═════ Data extract ═════

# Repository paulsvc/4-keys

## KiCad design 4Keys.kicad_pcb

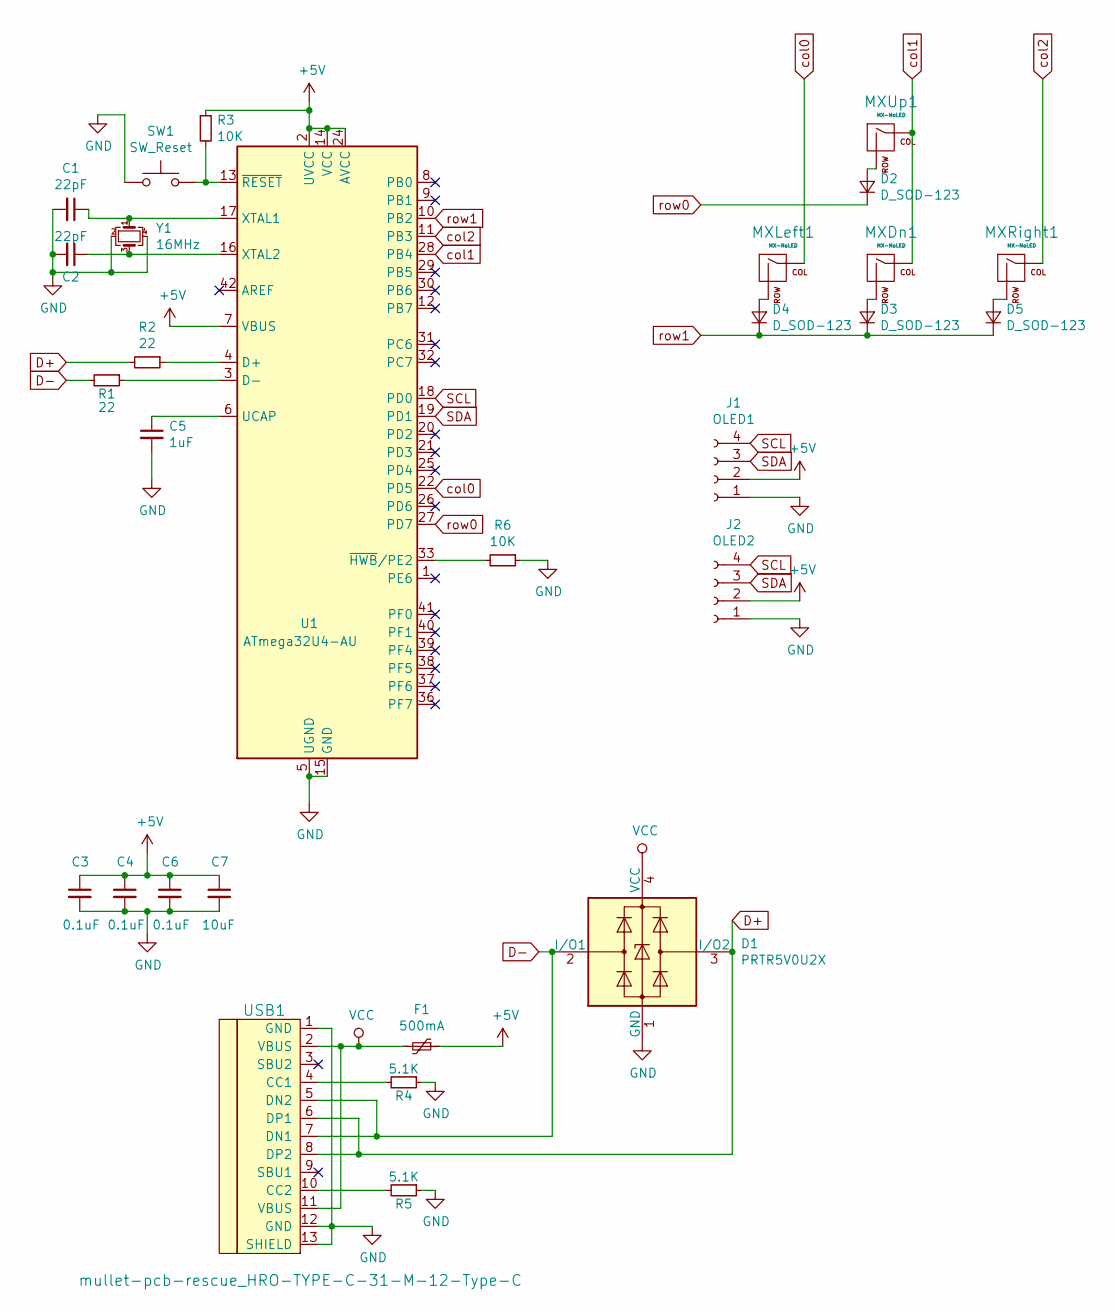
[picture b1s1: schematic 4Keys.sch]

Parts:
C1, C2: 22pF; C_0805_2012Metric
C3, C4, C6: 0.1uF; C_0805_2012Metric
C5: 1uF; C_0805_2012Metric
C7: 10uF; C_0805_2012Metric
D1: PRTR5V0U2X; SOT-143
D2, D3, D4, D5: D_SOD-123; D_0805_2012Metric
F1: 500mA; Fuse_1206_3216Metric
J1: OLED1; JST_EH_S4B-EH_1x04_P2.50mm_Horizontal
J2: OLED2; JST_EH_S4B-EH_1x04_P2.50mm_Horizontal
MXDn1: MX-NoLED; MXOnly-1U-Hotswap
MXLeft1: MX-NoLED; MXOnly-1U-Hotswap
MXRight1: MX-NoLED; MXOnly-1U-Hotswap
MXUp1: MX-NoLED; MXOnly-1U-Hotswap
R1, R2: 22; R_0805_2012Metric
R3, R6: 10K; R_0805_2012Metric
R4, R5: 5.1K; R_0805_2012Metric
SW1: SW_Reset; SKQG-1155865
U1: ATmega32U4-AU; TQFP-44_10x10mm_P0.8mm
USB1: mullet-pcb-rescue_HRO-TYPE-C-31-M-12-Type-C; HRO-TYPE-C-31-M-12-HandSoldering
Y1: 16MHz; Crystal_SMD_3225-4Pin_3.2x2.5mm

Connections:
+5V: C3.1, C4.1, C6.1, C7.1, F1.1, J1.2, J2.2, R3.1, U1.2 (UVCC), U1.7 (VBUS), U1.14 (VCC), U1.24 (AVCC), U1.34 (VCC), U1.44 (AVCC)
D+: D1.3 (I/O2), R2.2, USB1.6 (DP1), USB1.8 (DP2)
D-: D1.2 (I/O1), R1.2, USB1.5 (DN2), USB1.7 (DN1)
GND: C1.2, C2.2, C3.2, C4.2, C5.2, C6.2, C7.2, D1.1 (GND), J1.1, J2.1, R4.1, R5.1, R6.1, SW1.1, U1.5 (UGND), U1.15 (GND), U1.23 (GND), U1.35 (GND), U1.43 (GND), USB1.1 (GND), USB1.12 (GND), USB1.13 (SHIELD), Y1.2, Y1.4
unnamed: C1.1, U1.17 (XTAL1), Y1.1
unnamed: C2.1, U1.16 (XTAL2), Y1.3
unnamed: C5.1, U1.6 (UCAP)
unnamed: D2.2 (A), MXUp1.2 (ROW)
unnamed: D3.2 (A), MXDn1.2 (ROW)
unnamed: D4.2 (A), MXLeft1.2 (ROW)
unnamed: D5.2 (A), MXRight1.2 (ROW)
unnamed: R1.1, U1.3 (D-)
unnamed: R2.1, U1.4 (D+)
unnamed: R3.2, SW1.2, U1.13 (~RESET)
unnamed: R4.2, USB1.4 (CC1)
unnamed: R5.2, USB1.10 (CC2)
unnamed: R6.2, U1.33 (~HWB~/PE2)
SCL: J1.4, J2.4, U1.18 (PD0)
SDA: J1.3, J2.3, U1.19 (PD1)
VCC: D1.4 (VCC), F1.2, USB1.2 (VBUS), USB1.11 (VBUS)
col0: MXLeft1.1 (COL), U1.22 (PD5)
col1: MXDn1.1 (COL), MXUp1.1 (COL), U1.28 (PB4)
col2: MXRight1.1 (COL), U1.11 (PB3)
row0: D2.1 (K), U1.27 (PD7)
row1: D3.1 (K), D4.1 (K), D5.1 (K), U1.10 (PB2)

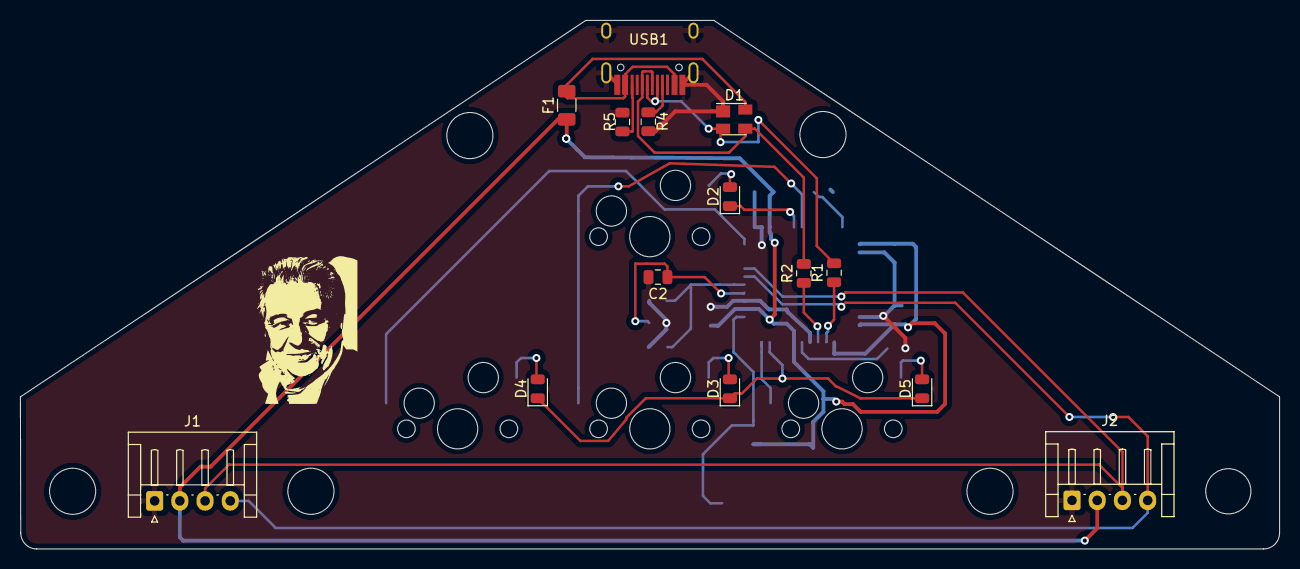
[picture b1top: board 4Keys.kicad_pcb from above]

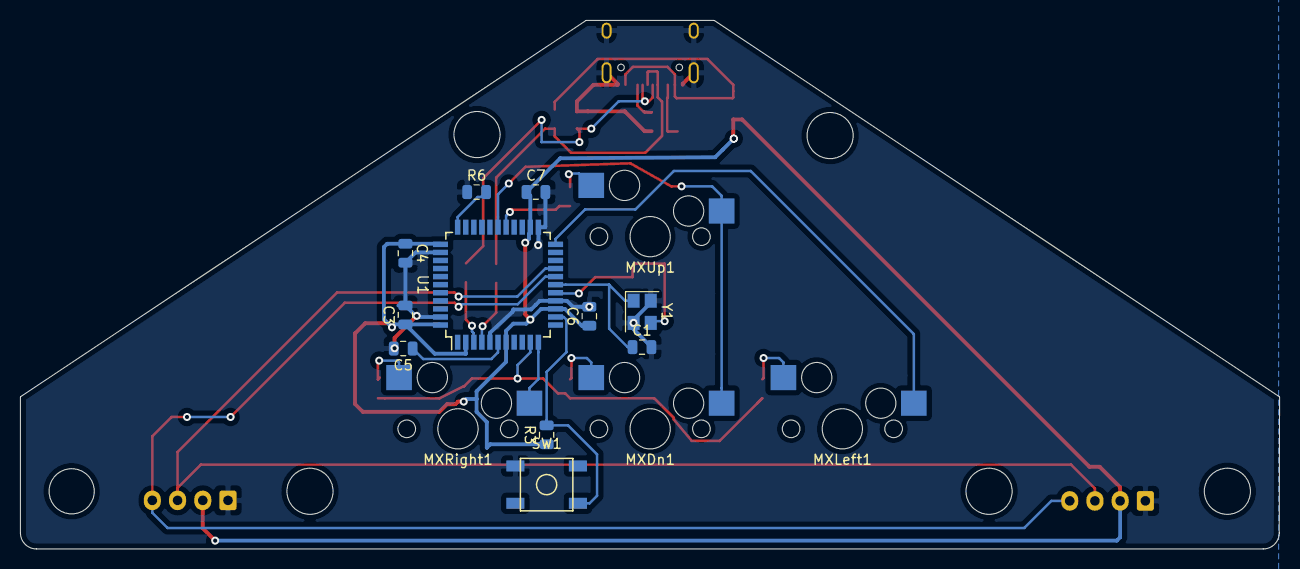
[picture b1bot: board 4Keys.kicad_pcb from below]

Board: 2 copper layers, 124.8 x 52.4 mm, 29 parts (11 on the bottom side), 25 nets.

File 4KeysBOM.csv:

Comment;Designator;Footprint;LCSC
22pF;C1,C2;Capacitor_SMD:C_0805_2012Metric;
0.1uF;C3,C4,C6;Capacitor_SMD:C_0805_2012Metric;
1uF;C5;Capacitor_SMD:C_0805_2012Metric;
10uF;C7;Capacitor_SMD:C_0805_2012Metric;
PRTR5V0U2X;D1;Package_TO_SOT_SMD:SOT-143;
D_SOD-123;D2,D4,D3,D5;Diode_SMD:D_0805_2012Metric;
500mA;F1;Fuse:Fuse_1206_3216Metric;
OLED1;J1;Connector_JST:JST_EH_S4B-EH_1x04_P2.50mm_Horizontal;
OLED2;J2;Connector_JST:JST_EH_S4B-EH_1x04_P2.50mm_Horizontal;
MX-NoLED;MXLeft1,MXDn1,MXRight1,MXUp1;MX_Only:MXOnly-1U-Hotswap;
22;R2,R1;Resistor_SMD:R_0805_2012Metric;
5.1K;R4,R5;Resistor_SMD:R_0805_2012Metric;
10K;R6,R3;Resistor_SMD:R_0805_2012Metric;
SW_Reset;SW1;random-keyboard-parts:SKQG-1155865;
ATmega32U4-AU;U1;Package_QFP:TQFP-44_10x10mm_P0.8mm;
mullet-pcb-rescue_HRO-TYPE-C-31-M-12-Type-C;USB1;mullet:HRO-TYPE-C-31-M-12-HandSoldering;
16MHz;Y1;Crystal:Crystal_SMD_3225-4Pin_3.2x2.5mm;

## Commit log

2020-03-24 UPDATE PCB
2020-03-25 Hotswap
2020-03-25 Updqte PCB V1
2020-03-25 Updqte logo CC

═════

• [What you will do]
An exact copy is required of each line from the one containing "22;R2,R1;Resistor_SMD:R_0805_2012Metric;" through the last line of the material, and of no other line.

• [Written response]
22;R2,R1;Resistor_SMD:R_0805_2012Metric;
5.1K;R4,R5;Resistor_SMD:R_0805_2012Metric;
10K;R6,R3;Resistor_SMD:R_0805_2012Metric;
SW_Reset;SW1;random-keyboard-parts:SKQG-1155865;
ATmega32U4-AU;U1;Package_QFP:TQFP-44_10x10mm_P0.8mm;
mullet-pcb-rescue_HRO-TYPE-C-31-M-12-Type-C;USB1;mullet:HRO-TYPE-C-31-M-12-HandSoldering;
16MHz;Y1;Crystal:Crystal_SMD_3225-4Pin_3.2x2.5mm;

## Commit log

2020-03-24 UPDATE PCB
2020-03-25 Hotswap
2020-03-25 Updqte PCB V1
2020-03-25 Updqte logo CC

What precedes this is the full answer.